At present, the use of the TR
namespace for the public API is largely aspirational
as much of the code appears as it did when it was first contributed. The epic to
track the work to migrate components of the OMR compiler public API to the TR
namespace is issue #3519.
Throughout the current compiler code, you may encounter references that are in
the global namespace but whose identifiers are prefixed simply with TR_
.
This is inconsistent with the namespace convention just described and they are
being moved to the TR
namespace as part of #3519.
If you extend the Eclipse OMR compiler you should choose a unique namespace for your project that does not conflict with the compiler namespaces.
Throughout the codebase you may find code guarded with #ifdef XXX_PROJECT_SPECIFIC
directives.
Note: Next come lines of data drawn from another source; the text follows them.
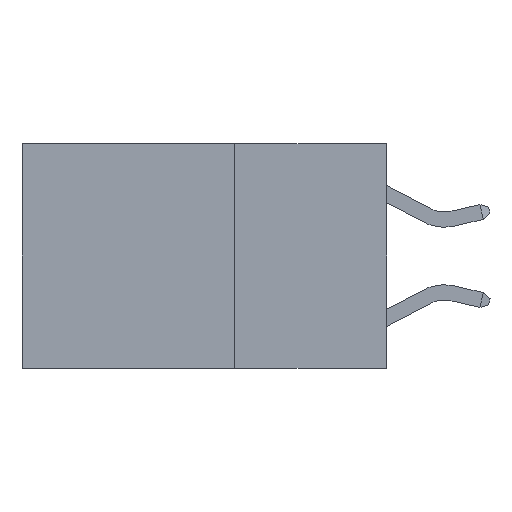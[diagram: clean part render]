
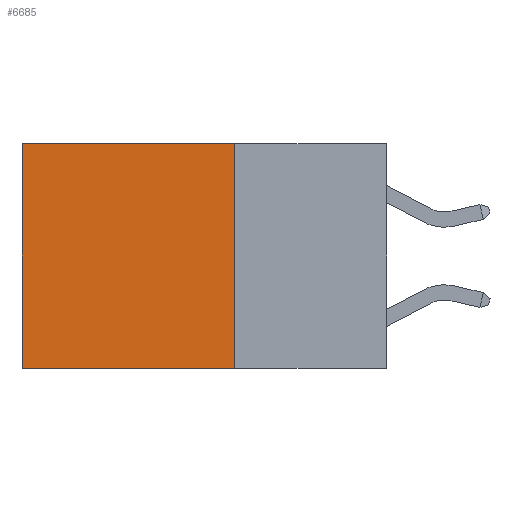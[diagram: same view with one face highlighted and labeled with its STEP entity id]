
A CAD part, left-side view. The second image highlights one B-rep face of the part: STEP entity #6685.
In plain terms, the highlighted planar face has unit normal (-1, 0, 0).
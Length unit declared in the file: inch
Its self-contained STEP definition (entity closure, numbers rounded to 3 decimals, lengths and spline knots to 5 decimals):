
#35 = CARTESIAN_POINT ( 'NONE',  ( 0.2625, 0.6, 0. ) ) ;
#302 = EDGE_CURVE ( 'NONE', #1719, #11631, #26920, .T. ) ;
#676 = DIRECTION ( 'NONE',  ( 0., 1., 0. ) ) ;
#1719 = VERTEX_POINT ( 'NONE', #16575 ) ;
#2405 = DIRECTION ( 'NONE',  ( 0., 0., -1. ) ) ;
#2696 = VERTEX_POINT ( 'NONE', #23060 ) ;
#2742 = FACE_OUTER_BOUND ( 'NONE', #6654, .T. ) ;
#3113 = ORIENTED_EDGE ( 'NONE', *, *, #302, .T. ) ;
#4287 = LINE ( 'NONE', #35, #19588 ) ;
#6654 = EDGE_LOOP ( 'NONE', ( #17863, #23506, #13513, #3113 ) ) ;
#6685 = ADVANCED_FACE ( 'NONE', ( #2742 ), #21081, .F. ) ;
#8304 = CARTESIAN_POINT ( 'NONE',  ( 0.2625, 0.25, 0. ) ) ;
#8992 = VECTOR ( 'NONE', #25167, 39.37008 ) ;
#9968 = VECTOR ( 'NONE', #676, 39.37008 ) ;
#10486 = DIRECTION ( 'NONE',  ( 1., 0., 0. ) ) ;
#10681 = VECTOR ( 'NONE', #25607, 39.37008 ) ;
#11631 = VERTEX_POINT ( 'NONE', #26223 ) ;
#12897 = CARTESIAN_POINT ( 'NONE',  ( 0.2625, 0.25, -0.37 ) ) ;
#13511 = VERTEX_POINT ( 'NONE', #18657 ) ;
#13513 = ORIENTED_EDGE ( 'NONE', *, *, #17357, .F. ) ;
#14825 = CARTESIAN_POINT ( 'NONE',  ( 0.2625, 0.25, 0. ) ) ;
#16575 = CARTESIAN_POINT ( 'NONE',  ( 0.2625, 0.25, 0. ) ) ;
#17357 = EDGE_CURVE ( 'NONE', #1719, #13511, #20334, .T. ) ;
#17563 = EDGE_CURVE ( 'NONE', #13511, #2696, #26942, .T. ) ;
#17863 = ORIENTED_EDGE ( 'NONE', *, *, #26530, .T. ) ;
#18657 = CARTESIAN_POINT ( 'NONE',  ( 0.2625, 0.25, -0.37 ) ) ;
#19588 = VECTOR ( 'NONE', #2405, 39.37008 ) ;
#20334 = LINE ( 'NONE', #23045, #8992 ) ;
#21081 = PLANE ( 'NONE',  #27512 ) ;
#23045 = CARTESIAN_POINT ( 'NONE',  ( 0.2625, 0.25, 0. ) ) ;
#23060 = CARTESIAN_POINT ( 'NONE',  ( 0.2625, 0.6, -0.37 ) ) ;
#23506 = ORIENTED_EDGE ( 'NONE', *, *, #17563, .F. ) ;
#25167 = DIRECTION ( 'NONE',  ( 0., 0., -1. ) ) ;
#25359 = DIRECTION ( 'NONE',  ( 0., 0., -1. ) ) ;
#25607 = DIRECTION ( 'NONE',  ( 0., 1., 0. ) ) ;
#26223 = CARTESIAN_POINT ( 'NONE',  ( 0.2625, 0.6, 0. ) ) ;
#26530 = EDGE_CURVE ( 'NONE', #11631, #2696, #4287, .T. ) ;
#26920 = LINE ( 'NONE', #14825, #9968 ) ;
#26942 = LINE ( 'NONE', #12897, #10681 ) ;
#27512 = AXIS2_PLACEMENT_3D ( 'NONE', #8304, #10486, #25359 ) ;
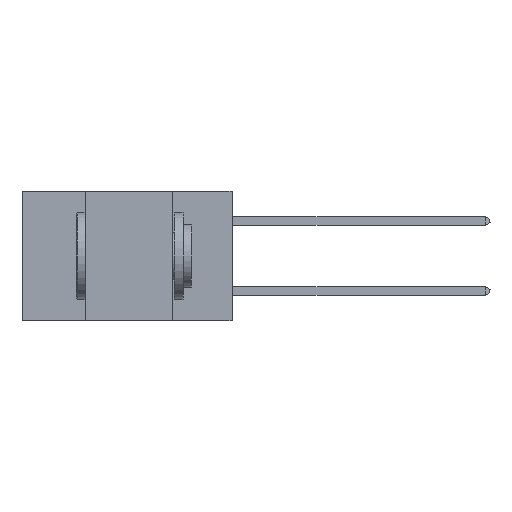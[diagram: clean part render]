
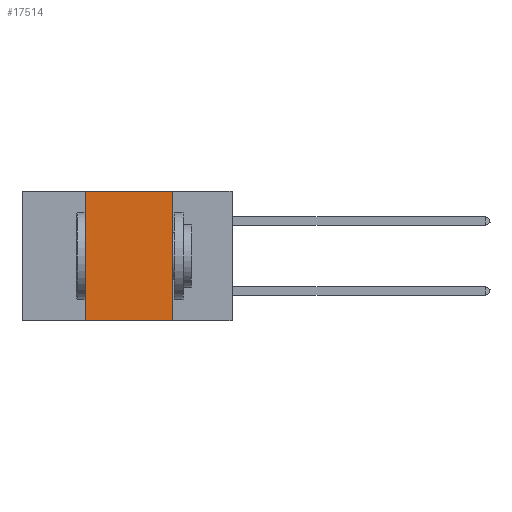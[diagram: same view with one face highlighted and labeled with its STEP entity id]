
A CAD part, left-side view. The second image highlights one B-rep face of the part: STEP entity #17514.
In plain terms, the highlighted planar face has unit normal (-1, 0, 0).
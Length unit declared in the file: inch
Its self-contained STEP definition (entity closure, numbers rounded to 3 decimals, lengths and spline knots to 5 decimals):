
#767 = CARTESIAN_POINT ( 'NONE',  ( 0., 0.6, -0.37 ) ) ;
#949 = PLANE ( 'NONE',  #9597 ) ;
#2047 = LINE ( 'NONE', #10956, #11977 ) ;
#2414 = DIRECTION ( 'NONE',  ( 0., -1., 0. ) ) ;
#3296 = CARTESIAN_POINT ( 'NONE',  ( 0., 0.6, 0. ) ) ;
#3727 = VERTEX_POINT ( 'NONE', #5237 ) ;
#5237 = CARTESIAN_POINT ( 'NONE',  ( 0., 0.17, 0. ) ) ;
#8447 = LINE ( 'NONE', #12970, #22253 ) ;
#9375 = EDGE_LOOP ( 'NONE', ( #22104, #11364, #21388, #17267 ) ) ;
#9597 = AXIS2_PLACEMENT_3D ( 'NONE', #10130, #22656, #20847 ) ;
#9637 = VERTEX_POINT ( 'NONE', #14547 ) ;
#9819 = EDGE_CURVE ( 'NONE', #12803, #9637, #20604, .T. ) ;
#10130 = CARTESIAN_POINT ( 'NONE',  ( 0., 0.6, 0. ) ) ;
#10570 = EDGE_CURVE ( 'NONE', #12803, #15169, #8447, .T. ) ;
#10956 = CARTESIAN_POINT ( 'NONE',  ( 0., 0.17, 0. ) ) ;
#11364 = ORIENTED_EDGE ( 'NONE', *, *, #21829, .F. ) ;
#11977 = VECTOR ( 'NONE', #19710, 39.37008 ) ;
#12161 = VECTOR ( 'NONE', #2414, 39.37008 ) ;
#12803 = VERTEX_POINT ( 'NONE', #17050 ) ;
#12970 = CARTESIAN_POINT ( 'NONE',  ( 0., 0.42, 0. ) ) ;
#13770 = EDGE_CURVE ( 'NONE', #3727, #9637, #2047, .T. ) ;
#14547 = CARTESIAN_POINT ( 'NONE',  ( 0., 0.17, -0.37 ) ) ;
#15169 = VERTEX_POINT ( 'NONE', #16496 ) ;
#16496 = CARTESIAN_POINT ( 'NONE',  ( 0., 0.42, 0. ) ) ;
#17050 = CARTESIAN_POINT ( 'NONE',  ( 0., 0.42, -0.37 ) ) ;
#17179 = VECTOR ( 'NONE', #17762, 39.37008 ) ;
#17267 = ORIENTED_EDGE ( 'NONE', *, *, #9819, .T. ) ;
#17514 = ADVANCED_FACE ( 'NONE', ( #23013 ), #949, .F. ) ;
#17762 = DIRECTION ( 'NONE',  ( 0., -1., 0. ) ) ;
#18961 = DIRECTION ( 'NONE',  ( 0., 0., 1. ) ) ;
#19710 = DIRECTION ( 'NONE',  ( 0., 0., -1. ) ) ;
#20604 = LINE ( 'NONE', #767, #12161 ) ;
#20847 = DIRECTION ( 'NONE',  ( 0., 0., -1. ) ) ;
#21388 = ORIENTED_EDGE ( 'NONE', *, *, #10570, .F. ) ;
#21829 = EDGE_CURVE ( 'NONE', #15169, #3727, #21954, .T. ) ;
#21954 = LINE ( 'NONE', #3296, #17179 ) ;
#22104 = ORIENTED_EDGE ( 'NONE', *, *, #13770, .F. ) ;
#22253 = VECTOR ( 'NONE', #18961, 39.37008 ) ;
#22656 = DIRECTION ( 'NONE',  ( 1., 0., 0. ) ) ;
#23013 = FACE_OUTER_BOUND ( 'NONE', #9375, .T. ) ;
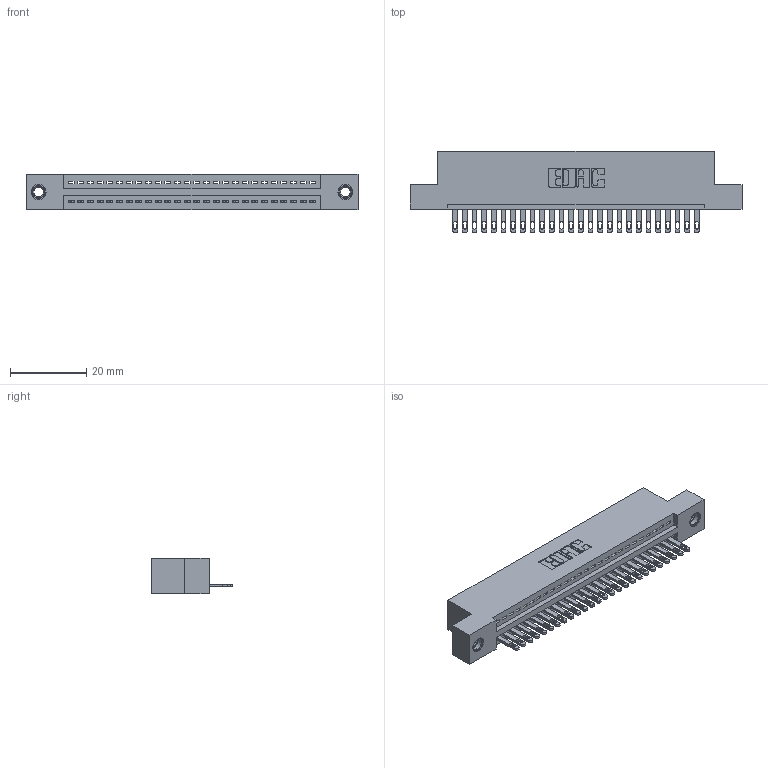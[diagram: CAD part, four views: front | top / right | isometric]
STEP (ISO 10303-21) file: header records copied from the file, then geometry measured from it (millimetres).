
FILE_DESCRIPTION (( 'STEP AP203' ), '1' );
FILE_NAME ('895-026-500-107.STEP', '2020-09-25T14:18:41', ( '' ), ( '' ), 'SwSTEP 2.0', 'SolidWorks 2020', '' );
FILE_SCHEMA (( 'CONFIG_CONTROL_DESIGN' ));
Length unit declared in the file: inch
Products named in the file (4): 345-292-001_345-293-100; 345-250-001_345-250-005-103; 895-026-500-107; 845 Part_Flush Mounting Lugs - 0.156 Dia-TI
Assembly tree (29 placements, depth 2):
  895-026-500-107
    845 Part_Flush Mounting Lugs - 0.156 Dia-TI
    345-292-001_345-293-100  x26
    345-250-001_345-250-005-103  x2
Bounding box: 87.25 x 21.51 x 9.4 mm (x, y, z)
Volume: 8158.5 mm3; surface area: 10715.4 mm2
Topology: 29 solids, 29 shells, 1590 faces, 4845 edges, 3222 vertices
Faces by surface type: plane 996, cylinder 578, cone 12, torus 4
Entity records: 22838 total; most frequent: CARTESIAN_POINT 3937, ORIENTED_EDGE 3890, DIRECTION 3491, EDGE_CURVE 1945, LINE 1685, VECTOR 1685, VERTEX_POINT 1292, AXIS2_PLACEMENT_3D 903
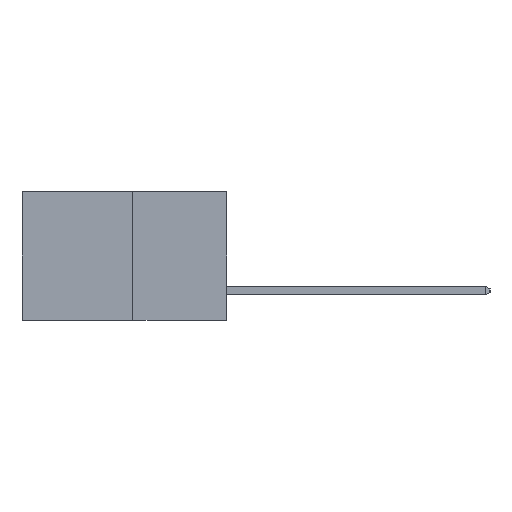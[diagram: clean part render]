
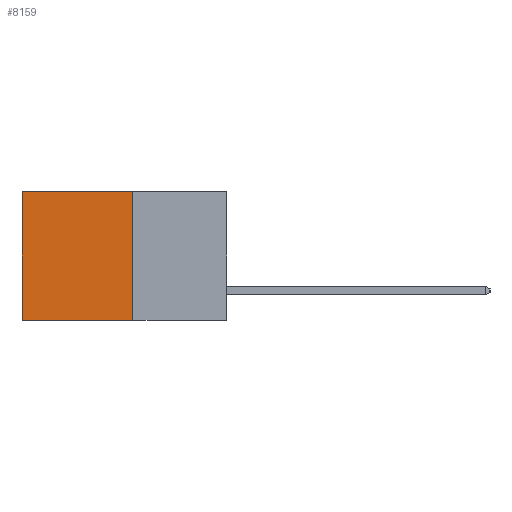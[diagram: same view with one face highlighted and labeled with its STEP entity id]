
A CAD part, left-side view. The second image highlights one B-rep face of the part: STEP entity #8159.
In plain terms, the highlighted planar face has unit normal (-1, 0, 0).
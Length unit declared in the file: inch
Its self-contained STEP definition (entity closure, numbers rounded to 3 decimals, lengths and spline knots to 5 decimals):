
#739 = VERTEX_POINT ( 'NONE', #5386 ) ;
#1013 = ORIENTED_EDGE ( 'NONE', *, *, #8174, .F. ) ;
#1328 = VECTOR ( 'NONE', #7583, 39.37008 ) ;
#1519 = EDGE_CURVE ( 'NONE', #2373, #1763, #2356, .T. ) ;
#1547 = LINE ( 'NONE', #7605, #1328 ) ;
#1593 = CARTESIAN_POINT ( 'NONE',  ( 0.277, 0.27, 0. ) ) ;
#1649 = CARTESIAN_POINT ( 'NONE',  ( 0.277, 0.59, -0.37 ) ) ;
#1712 = DIRECTION ( 'NONE',  ( 0., 1., 0. ) ) ;
#1763 = VERTEX_POINT ( 'NONE', #5307 ) ;
#2072 = AXIS2_PLACEMENT_3D ( 'NONE', #6000, #5992, #5983 ) ;
#2356 = LINE ( 'NONE', #1593, #3411 ) ;
#2373 = VERTEX_POINT ( 'NONE', #7969 ) ;
#2530 = LINE ( 'NONE', #1649, #7496 ) ;
#2621 = VECTOR ( 'NONE', #5864, 39.37008 ) ;
#2662 = EDGE_LOOP ( 'NONE', ( #6348, #7524, #1013, #6826 ) ) ;
#2962 = EDGE_CURVE ( 'NONE', #1763, #3937, #2530, .T. ) ;
#3411 = VECTOR ( 'NONE', #1712, 39.37008 ) ;
#3435 = DIRECTION ( 'NONE',  ( 0., 0., -1. ) ) ;
#3937 = VERTEX_POINT ( 'NONE', #4577 ) ;
#4209 = LINE ( 'NONE', #5958, #2621 ) ;
#4577 = CARTESIAN_POINT ( 'NONE',  ( 0.277, 0.59, -0.37 ) ) ;
#5307 = CARTESIAN_POINT ( 'NONE',  ( 0.277, 0.59, 0. ) ) ;
#5386 = CARTESIAN_POINT ( 'NONE',  ( 0.277, 0.27, -0.37 ) ) ;
#5864 = DIRECTION ( 'NONE',  ( 0., 0., -1. ) ) ;
#5958 = CARTESIAN_POINT ( 'NONE',  ( 0.277, 0.27, -0.37 ) ) ;
#5983 = DIRECTION ( 'NONE',  ( 0., 0., -1. ) ) ;
#5992 = DIRECTION ( 'NONE',  ( 1., 0., 0. ) ) ;
#6000 = CARTESIAN_POINT ( 'NONE',  ( 0.277, 0.27, -0.37 ) ) ;
#6004 = PLANE ( 'NONE',  #2072 ) ;
#6348 = ORIENTED_EDGE ( 'NONE', *, *, #2962, .T. ) ;
#6826 = ORIENTED_EDGE ( 'NONE', *, *, #1519, .T. ) ;
#7496 = VECTOR ( 'NONE', #3435, 39.37008 ) ;
#7524 = ORIENTED_EDGE ( 'NONE', *, *, #7737, .F. ) ;
#7583 = DIRECTION ( 'NONE',  ( 0., 1., 0. ) ) ;
#7605 = CARTESIAN_POINT ( 'NONE',  ( 0.277, 0.27, -0.37 ) ) ;
#7737 = EDGE_CURVE ( 'NONE', #739, #3937, #1547, .T. ) ;
#7781 = FACE_OUTER_BOUND ( 'NONE', #2662, .T. ) ;
#7969 = CARTESIAN_POINT ( 'NONE',  ( 0.277, 0.27, 0. ) ) ;
#8159 = ADVANCED_FACE ( 'NONE', ( #7781 ), #6004, .F. ) ;
#8174 = EDGE_CURVE ( 'NONE', #2373, #739, #4209, .T. ) ;

Project-specific macros are an artifact of the refactoring process that produced this code. The initial code contribution originated from a much larger codebase of compiler technology used in several compiler products and compilation scenarios. In order to contribute this code sooner we eliminated most, but not all, of code that has a tighter coupling to a particular environment. For example, guarded code may require data structures or header files not present in the initial contribution.
Generally there should not be a need to enable these macros. Our expecatation is that either that guarded code will be enabled over time as it is made more general purpose for other language environments, or it will be removed outright as that code is refactored as part of the Eclipse OMR project.
We recognize the presence of these macros is far from ideal, and IBM will be working to eliminate them over time so that the codebase is self-contained and fully testable. These macros should not be imitated in newer code commits except where absolutely necessary.